Ce qui se passe réellement
Comme l’explique le journaliste d’opposition russe Konstantin Eggert dans un article pour Euractiv, la Russie s’est révélée totalement impuissante à empêcher la prise de pouvoir de Maduro. Le Kremlin a compris qu’il ne pouvait pas se permettre de s’engager dans une confrontation directe avec les États-Unis en Amérique latine, une région que Washington considère comme son pré carré. Ce qui a réellement terrifié le Kremlin, c’est la stratégie américaine post-capture : au lieu de démanteler complètement l’élite au pouvoir, Trump a choisi de maintenir l’appareil d’État, permettant au vice-président de gouverner tant qu’il reste loyal aux États-Unis.
Pourquoi cela dérange
Ce choix stratégique remet en question la logique même des régimes autoritaires. Dans un scénario classique de changement de régime, les fonctionnaires et les hommes de sécurité s’attendent à la répression et à la perte de leurs privilèges, ce qui les pousse à défendre le dictateur. Mais ici, les États-Unis ont montré qu’ils étaient prêts à négocier avec ces mêmes personnes, tant que le chef était éliminé. Cela sape le principal mécanisme de défense des régimes autoritaires.
Ce que cela implique concrètement
Pour Poutine, cela signifie qu’il pourrait bientôt se retrouver dans une situation où Trump, lassé des mensonges et de l’entêtement du Kremlin, pourrait se tourner vers d’autres membres du régime. Les États-Unis pourraient théoriquement offrir à l’entourage de Poutine un allègement des sanctions en échange d’un véritable accord de paix sur l’Ukraine. Une perspective qui doit faire frémir le dictateur russe.
Lecture satirique
Il est presque comique de voir comment Poutine, qui a toujours rêvé d’être le grand maître du jeu géopolitique, se fait maintenant voler la vedette par un Trump qui, en un clin d’œil, a fait ce que le Kremlin n’a pas réussi à accomplir en quatre ans de guerre en Ukraine. « Poutine doit être insupportablement jaloux de Trump », a déclaré l’analyste politique Abbas Gallyamov. Une jalousie qui pourrait bien se transformer en rage, alors que le monde entier assiste à la mise en scène de l’impuissance russe.
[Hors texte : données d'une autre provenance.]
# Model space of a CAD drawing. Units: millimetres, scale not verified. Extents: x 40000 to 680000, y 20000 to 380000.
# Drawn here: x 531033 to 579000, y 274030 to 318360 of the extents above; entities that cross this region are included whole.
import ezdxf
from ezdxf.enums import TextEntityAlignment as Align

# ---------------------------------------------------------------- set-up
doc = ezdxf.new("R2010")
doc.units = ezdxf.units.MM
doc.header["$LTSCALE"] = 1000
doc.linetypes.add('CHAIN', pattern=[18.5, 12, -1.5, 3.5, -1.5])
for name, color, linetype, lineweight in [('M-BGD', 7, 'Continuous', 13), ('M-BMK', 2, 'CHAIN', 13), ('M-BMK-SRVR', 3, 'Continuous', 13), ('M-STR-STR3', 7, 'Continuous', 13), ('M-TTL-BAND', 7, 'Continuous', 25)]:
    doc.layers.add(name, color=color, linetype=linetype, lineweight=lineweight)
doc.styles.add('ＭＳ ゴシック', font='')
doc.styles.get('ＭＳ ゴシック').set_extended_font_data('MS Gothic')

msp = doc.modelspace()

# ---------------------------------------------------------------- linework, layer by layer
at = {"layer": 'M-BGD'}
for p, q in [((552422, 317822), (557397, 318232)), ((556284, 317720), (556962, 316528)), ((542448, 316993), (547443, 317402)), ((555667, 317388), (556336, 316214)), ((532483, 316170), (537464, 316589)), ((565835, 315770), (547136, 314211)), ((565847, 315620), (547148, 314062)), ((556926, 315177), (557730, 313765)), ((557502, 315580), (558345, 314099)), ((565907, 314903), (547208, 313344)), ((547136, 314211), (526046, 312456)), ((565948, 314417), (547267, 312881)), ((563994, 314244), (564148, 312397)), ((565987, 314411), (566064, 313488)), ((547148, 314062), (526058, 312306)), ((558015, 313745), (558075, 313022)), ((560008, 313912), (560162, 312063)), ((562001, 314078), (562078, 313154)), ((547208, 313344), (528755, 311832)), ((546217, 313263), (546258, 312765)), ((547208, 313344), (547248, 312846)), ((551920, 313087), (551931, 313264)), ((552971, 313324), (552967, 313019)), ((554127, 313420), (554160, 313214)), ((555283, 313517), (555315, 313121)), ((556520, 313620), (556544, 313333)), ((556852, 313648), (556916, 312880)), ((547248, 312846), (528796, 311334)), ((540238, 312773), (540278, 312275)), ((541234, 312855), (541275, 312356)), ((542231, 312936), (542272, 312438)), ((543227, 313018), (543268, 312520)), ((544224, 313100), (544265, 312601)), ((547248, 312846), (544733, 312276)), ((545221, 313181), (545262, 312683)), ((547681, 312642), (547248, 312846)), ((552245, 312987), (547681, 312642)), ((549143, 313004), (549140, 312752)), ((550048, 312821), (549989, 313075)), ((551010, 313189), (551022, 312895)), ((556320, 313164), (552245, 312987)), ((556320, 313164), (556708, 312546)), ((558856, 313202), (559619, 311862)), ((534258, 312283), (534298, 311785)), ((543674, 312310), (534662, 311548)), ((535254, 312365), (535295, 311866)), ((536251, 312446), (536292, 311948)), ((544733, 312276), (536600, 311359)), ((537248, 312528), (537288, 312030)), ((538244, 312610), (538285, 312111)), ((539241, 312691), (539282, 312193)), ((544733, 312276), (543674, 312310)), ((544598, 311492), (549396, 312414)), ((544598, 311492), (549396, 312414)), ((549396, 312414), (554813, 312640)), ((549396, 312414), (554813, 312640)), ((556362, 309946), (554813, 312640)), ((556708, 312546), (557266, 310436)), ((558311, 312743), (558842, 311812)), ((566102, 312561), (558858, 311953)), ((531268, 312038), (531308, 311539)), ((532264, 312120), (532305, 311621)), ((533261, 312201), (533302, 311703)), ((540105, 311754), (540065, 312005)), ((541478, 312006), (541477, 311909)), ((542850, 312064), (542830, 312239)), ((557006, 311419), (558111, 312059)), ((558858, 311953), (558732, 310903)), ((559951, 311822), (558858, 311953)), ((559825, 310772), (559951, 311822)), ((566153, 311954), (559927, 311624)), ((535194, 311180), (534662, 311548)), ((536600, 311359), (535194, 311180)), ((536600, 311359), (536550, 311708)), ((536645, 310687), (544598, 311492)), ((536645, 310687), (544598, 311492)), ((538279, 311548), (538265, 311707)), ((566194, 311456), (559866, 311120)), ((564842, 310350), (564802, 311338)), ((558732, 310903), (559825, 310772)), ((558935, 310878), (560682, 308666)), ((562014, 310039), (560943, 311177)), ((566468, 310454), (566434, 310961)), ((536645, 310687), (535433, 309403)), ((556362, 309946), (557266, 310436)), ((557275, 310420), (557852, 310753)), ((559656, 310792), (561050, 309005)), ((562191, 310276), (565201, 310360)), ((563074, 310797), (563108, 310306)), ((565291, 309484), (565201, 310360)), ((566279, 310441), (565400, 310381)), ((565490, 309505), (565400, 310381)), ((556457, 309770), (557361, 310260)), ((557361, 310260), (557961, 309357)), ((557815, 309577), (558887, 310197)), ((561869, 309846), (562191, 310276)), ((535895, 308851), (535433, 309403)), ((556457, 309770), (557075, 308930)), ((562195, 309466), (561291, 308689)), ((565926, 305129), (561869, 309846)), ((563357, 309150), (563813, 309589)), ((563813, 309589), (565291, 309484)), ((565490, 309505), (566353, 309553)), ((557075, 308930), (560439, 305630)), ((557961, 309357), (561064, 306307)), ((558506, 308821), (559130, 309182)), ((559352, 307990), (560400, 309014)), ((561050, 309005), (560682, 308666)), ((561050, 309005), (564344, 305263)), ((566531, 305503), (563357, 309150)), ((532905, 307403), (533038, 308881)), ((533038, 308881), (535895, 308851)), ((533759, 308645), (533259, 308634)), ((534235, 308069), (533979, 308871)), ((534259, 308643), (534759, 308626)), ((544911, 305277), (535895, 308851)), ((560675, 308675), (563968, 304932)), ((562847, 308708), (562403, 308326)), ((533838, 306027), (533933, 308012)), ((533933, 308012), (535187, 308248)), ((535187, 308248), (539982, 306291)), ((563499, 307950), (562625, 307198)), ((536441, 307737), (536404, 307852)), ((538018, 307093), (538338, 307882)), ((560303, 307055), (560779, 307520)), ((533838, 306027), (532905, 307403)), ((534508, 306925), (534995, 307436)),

Effet miroir international
Cette situation rappelle les dérives autoritaires qui se multiplient à travers le monde, où les dirigeants se croient à l’abri des conséquences de leurs actes. Que ce soit en Russie, en Chine ou ailleurs, la leçon est claire : les régimes qui se croient invincibles peuvent rapidement se retrouver sur la sellette, surtout lorsque les superpuissances jouent leurs cartes avec audace.
À quoi s’attendre
À l’avenir, il est probable que la Russie devra revoir sa stratégie, non seulement en Ukraine mais aussi dans ses relations avec les États-Unis. Si Trump continue sur sa lancée, Poutine pourrait bien se retrouver dans une position encore plus précaire, où la loyauté de ses alliés sera mise à l’épreuve.